A food swamp score was calculated as the ratio of fast-food and convenience stores to grocery stores and farmer’s markets. 

A food desert score was calculated as the proportion of residents living more than 1 mile (urban) or 10 miles (rural) from a grocery store and household income ≤ 200% of the federal poverty threshold. 

The researchers categorized food deserts and food swamps as low, moderate, or high, with higher scores denoting counties with fewer resources for healthy food. 

Counties with high postmenopausal breast cancer mortality rates had a higher percentage of non-Hispanic Black population (5.8% vs. 2.1%), poverty rates (17.2% vs 14.2%), and adult obesity (32.5% vs 32%) and diabetes rates (11.8% vs 10.5%), compared with counties with low postmenopausal breast cancer mortality rates, Dr. Bevel reported. 

The age-adjusted odds of counties having high postmenopausal breast cancer mortality was 53% higher in counties with high food desert scores (adjusted odds ratio [aOR] 1.53; 95% CI, 1.26 - 1.88), and over twofold higher in those with high food swamp scores (aOR, 2.09; 95% CI: 1.69 - 2.58).

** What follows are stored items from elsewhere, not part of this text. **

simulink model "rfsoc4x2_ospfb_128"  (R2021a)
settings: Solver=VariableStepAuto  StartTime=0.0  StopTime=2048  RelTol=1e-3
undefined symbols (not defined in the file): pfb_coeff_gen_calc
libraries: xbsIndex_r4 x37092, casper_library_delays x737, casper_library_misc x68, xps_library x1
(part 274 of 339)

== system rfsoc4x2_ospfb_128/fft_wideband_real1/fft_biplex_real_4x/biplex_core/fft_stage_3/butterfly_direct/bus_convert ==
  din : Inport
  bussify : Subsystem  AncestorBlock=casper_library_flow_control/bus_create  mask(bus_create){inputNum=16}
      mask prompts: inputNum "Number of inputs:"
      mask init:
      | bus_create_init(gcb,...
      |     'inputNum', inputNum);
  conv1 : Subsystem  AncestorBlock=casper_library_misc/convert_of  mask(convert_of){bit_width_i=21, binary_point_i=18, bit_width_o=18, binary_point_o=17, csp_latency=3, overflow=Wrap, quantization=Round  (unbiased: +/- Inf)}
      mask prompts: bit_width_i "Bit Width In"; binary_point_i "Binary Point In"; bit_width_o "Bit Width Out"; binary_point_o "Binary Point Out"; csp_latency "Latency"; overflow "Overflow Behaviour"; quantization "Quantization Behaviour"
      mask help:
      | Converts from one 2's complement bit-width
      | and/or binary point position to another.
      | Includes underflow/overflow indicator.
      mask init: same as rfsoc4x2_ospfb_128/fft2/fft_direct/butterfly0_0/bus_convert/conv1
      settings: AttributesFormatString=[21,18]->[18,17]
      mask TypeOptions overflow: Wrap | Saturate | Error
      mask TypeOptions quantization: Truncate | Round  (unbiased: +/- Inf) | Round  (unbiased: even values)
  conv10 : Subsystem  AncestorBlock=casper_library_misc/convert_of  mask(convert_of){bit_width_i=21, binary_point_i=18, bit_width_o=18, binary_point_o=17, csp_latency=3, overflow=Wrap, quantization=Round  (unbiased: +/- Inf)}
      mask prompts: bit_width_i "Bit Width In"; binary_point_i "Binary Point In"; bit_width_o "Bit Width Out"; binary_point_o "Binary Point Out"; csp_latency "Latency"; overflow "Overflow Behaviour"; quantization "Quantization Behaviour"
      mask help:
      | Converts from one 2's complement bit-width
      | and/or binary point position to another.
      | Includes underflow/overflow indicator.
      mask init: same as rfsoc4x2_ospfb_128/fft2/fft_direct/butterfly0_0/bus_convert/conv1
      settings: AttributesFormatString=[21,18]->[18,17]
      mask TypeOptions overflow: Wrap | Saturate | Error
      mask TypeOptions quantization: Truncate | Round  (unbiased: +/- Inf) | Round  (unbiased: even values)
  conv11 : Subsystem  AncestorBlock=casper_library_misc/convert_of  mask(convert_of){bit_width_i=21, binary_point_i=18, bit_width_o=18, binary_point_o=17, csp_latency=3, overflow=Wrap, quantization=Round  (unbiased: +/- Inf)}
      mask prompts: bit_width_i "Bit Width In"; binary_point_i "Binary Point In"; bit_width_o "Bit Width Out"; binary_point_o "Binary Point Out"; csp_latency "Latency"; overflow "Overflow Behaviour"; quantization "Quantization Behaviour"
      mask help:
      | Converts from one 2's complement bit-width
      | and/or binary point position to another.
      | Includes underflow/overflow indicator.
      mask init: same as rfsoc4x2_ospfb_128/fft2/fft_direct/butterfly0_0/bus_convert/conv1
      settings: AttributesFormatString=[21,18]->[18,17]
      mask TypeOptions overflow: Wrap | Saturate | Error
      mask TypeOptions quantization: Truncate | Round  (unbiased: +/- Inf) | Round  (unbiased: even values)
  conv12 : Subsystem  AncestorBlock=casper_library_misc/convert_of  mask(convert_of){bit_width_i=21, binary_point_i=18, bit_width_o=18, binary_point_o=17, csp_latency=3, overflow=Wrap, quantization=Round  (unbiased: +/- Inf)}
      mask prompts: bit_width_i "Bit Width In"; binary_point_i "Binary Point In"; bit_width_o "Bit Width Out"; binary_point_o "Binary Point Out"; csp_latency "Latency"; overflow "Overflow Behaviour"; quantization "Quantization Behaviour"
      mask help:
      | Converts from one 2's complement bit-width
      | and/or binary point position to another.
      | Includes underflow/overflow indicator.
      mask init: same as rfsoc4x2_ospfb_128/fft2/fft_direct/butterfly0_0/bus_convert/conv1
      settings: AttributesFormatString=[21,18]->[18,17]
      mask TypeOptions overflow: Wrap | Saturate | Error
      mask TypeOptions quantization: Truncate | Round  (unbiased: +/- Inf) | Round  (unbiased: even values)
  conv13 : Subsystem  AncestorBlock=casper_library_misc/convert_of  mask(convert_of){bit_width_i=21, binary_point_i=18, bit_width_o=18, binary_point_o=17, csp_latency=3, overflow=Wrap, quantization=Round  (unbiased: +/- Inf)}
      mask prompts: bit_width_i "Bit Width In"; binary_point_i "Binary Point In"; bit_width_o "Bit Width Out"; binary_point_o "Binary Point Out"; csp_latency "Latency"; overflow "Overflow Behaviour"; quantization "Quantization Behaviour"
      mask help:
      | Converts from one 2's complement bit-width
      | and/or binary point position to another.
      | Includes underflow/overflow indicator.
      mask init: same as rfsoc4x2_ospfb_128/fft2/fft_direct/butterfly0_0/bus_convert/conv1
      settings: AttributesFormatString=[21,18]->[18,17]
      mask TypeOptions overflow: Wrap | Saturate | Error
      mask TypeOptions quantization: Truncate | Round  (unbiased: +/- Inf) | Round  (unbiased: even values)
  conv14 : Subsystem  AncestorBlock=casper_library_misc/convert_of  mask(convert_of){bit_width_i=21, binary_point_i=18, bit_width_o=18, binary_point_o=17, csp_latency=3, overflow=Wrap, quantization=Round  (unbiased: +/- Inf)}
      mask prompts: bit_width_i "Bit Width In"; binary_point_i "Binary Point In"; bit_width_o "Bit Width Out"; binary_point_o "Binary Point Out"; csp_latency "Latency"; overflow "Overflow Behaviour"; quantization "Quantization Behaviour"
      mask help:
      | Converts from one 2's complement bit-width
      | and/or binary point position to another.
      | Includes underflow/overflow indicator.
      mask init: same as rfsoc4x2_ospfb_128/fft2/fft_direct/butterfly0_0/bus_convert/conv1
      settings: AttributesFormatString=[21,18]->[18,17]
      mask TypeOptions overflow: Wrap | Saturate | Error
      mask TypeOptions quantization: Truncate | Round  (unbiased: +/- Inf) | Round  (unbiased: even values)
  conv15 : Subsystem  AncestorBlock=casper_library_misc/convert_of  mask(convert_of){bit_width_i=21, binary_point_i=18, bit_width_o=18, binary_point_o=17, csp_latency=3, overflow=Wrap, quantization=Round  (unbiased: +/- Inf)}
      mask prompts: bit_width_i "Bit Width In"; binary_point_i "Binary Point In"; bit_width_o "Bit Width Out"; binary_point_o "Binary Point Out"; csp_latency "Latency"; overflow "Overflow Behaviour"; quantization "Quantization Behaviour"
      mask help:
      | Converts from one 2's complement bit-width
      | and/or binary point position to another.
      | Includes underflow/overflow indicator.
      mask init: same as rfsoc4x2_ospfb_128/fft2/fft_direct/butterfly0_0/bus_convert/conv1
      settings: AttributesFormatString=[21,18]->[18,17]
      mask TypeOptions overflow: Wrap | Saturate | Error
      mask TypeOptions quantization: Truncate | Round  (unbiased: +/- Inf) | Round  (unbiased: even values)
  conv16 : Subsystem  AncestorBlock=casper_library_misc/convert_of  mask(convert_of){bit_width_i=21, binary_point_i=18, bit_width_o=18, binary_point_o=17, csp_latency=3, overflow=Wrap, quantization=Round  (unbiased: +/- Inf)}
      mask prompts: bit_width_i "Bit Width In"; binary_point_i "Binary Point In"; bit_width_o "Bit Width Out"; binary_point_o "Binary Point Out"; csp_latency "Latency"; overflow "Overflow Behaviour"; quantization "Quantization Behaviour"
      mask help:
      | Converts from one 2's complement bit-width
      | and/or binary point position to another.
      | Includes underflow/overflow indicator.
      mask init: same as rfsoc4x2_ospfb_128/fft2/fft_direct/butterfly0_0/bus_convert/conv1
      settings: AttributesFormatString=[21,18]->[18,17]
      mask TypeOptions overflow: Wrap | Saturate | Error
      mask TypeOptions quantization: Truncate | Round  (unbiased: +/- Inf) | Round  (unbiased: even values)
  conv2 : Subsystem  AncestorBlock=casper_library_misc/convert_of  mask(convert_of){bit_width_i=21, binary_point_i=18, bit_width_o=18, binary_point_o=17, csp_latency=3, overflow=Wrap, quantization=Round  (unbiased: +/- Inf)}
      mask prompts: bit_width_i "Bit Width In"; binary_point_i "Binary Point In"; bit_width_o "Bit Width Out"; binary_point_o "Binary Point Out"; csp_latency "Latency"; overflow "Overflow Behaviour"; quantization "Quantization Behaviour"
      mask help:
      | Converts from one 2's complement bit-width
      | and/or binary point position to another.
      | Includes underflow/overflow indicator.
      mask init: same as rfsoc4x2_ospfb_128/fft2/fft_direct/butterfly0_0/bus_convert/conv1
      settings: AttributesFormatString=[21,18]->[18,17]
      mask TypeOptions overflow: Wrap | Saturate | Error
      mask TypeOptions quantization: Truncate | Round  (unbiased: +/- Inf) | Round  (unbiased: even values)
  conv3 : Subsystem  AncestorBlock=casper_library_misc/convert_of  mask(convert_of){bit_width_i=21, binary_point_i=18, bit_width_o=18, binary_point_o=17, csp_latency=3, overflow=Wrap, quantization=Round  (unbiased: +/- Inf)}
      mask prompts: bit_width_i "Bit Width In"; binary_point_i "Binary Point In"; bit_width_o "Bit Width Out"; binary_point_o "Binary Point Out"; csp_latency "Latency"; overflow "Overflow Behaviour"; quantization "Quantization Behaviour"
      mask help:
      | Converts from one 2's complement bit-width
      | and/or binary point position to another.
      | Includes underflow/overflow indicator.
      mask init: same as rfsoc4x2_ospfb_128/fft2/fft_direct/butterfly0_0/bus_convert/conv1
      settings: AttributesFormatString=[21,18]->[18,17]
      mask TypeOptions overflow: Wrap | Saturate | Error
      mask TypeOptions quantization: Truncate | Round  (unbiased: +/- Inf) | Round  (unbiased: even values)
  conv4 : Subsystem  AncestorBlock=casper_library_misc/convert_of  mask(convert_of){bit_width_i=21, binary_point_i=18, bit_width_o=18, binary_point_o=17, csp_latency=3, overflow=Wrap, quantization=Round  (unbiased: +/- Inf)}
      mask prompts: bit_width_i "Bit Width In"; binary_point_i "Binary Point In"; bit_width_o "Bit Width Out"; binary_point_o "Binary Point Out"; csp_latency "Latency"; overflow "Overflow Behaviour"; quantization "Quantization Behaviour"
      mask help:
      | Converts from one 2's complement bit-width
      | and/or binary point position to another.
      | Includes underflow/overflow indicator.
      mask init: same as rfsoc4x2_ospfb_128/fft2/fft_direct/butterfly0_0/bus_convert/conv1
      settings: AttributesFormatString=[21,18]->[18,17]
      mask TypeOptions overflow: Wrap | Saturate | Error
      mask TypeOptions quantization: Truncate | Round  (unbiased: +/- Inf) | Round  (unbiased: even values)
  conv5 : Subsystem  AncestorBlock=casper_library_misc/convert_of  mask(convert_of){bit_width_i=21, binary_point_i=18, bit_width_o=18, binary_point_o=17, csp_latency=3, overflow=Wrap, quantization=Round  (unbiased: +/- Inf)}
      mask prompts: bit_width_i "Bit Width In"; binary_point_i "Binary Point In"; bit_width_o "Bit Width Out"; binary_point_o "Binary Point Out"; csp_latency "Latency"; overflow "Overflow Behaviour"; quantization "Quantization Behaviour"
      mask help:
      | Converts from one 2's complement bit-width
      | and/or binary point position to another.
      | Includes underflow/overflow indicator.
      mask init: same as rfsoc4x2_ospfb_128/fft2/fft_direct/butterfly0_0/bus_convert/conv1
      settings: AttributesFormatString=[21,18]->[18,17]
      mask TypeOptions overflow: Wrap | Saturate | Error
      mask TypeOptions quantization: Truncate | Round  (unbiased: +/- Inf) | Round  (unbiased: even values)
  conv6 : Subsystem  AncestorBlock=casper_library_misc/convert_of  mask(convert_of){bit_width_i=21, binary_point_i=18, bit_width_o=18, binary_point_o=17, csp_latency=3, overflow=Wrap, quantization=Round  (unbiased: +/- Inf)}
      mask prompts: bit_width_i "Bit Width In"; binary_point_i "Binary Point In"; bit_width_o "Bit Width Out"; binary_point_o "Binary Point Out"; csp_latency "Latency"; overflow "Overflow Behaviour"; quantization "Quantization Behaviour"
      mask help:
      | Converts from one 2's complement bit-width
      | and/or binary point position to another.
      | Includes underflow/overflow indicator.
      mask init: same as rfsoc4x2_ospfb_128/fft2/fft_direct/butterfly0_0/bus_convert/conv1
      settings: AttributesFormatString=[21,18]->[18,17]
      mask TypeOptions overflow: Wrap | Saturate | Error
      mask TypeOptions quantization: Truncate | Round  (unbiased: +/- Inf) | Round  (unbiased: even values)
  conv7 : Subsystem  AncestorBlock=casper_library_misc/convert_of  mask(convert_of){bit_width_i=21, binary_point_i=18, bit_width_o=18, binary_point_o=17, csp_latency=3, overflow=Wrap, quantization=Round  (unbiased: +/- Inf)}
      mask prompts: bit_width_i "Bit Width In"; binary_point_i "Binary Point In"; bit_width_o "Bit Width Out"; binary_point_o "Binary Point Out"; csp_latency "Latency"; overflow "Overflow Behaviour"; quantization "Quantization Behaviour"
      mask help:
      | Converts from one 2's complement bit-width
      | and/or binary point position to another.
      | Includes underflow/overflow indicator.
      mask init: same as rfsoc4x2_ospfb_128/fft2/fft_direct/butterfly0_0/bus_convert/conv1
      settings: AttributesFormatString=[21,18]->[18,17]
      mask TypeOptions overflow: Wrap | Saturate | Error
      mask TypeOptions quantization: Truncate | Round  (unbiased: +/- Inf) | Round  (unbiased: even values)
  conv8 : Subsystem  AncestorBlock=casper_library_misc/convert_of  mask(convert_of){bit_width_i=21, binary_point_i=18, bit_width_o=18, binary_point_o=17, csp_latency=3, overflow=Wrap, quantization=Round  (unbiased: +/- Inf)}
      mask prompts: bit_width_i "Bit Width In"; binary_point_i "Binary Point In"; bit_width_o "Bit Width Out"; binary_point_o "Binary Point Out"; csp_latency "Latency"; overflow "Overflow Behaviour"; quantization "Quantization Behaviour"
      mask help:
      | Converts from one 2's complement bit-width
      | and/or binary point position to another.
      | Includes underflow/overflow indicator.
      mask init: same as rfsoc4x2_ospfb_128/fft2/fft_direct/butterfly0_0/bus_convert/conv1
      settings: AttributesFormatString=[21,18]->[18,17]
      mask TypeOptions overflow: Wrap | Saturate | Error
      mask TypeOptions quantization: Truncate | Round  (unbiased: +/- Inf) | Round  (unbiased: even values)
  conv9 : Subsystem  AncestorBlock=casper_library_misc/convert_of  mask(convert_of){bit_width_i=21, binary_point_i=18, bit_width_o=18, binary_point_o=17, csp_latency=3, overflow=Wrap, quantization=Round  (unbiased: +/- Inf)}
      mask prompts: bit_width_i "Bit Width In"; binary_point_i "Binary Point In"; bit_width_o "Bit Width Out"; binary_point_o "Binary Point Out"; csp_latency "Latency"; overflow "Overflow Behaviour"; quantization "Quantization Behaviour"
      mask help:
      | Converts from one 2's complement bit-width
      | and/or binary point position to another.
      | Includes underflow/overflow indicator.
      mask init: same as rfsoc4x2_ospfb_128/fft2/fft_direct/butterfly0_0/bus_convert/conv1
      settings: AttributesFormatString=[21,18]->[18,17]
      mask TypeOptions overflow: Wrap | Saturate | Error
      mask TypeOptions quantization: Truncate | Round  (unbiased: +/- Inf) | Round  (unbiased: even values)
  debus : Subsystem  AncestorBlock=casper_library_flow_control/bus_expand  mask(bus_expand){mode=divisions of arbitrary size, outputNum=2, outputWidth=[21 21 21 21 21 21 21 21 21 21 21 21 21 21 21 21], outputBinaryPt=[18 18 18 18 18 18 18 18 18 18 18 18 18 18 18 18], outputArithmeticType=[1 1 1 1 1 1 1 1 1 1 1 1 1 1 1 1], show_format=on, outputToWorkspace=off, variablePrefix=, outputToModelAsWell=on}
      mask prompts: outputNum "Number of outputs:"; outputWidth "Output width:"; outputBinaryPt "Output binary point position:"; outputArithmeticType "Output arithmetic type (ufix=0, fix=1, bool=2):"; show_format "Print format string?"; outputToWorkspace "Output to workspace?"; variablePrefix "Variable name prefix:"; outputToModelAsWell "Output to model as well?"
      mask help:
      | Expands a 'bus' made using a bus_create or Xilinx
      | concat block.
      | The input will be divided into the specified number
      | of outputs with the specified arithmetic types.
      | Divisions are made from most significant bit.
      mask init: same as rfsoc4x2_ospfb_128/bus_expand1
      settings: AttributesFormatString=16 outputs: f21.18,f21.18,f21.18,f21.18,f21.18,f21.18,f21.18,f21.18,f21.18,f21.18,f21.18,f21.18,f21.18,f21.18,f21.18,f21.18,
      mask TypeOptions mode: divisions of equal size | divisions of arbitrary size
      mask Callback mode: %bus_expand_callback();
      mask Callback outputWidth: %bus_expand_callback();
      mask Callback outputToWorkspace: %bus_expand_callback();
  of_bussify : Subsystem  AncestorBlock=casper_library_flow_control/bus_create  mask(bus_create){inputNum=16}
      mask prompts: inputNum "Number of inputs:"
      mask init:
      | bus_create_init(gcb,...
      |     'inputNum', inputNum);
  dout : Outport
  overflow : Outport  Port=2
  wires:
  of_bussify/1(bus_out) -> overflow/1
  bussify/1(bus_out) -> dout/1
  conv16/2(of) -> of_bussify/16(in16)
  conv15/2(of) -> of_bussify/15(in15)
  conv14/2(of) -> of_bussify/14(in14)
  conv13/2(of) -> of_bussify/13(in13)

In fully adjusted models, the likelihood of counties having moderate postmenopausal breast cancer mortality rates was 32% higher in those with moderate food swamp scores (aOR, 1.32; 95% CI, 1.03 - 1.70).

 

Growing Epidemic Requires System Change

These findings are in line with another study by Dr. Bevel and his colleagues published earlier this year in JAMA Oncology. 

In that study, communities with easy access to fast food were 77% more likely to have high levels of obesity-related cancer mortality, as reported by this news organization. 

There is a “growing epidemic” of food deserts and food swamps in the US, which could be due to systemic issues such as gentrification/redlining and lack of investment with chain grocery stores that provide healthy food options, said Dr. Bevel. 

Local policymakers and community stakeholders could implement culturally tailored, sustainable interventions for obesity and obesity-related cancer prevention, including postmenopausal breast cancer. These could include creating more walkable neighborhoods and community vegetable gardens, he suggested. 

“This is an important study demonstrating how the environment impacts outcomes in postmenopausal women diagnosed with breast cancer,” said Lia Scott, PhD, MPH, discussant for the study.

“Most of the literature is primarily focused on food deserts to characterize the food environment. However, these authors looked at both food deserts and food swamps. And even after adjusting for various factors and age, counties with high food swamp scores at greater odds of having higher postmenopausal breast cancer mortality rates,” said Dr. Scott, who is from Georgia State University School of Public Health in Atlanta.

“There is a clear need for systems change. With ecological studies like this one, we could potentially drive policy by providing actionable data,” she added. 

The study had no specific funding. Dr. Bevel and Dr. Scott report no relevant financial relationships.
 

A version of this article appeared on Medscape.com.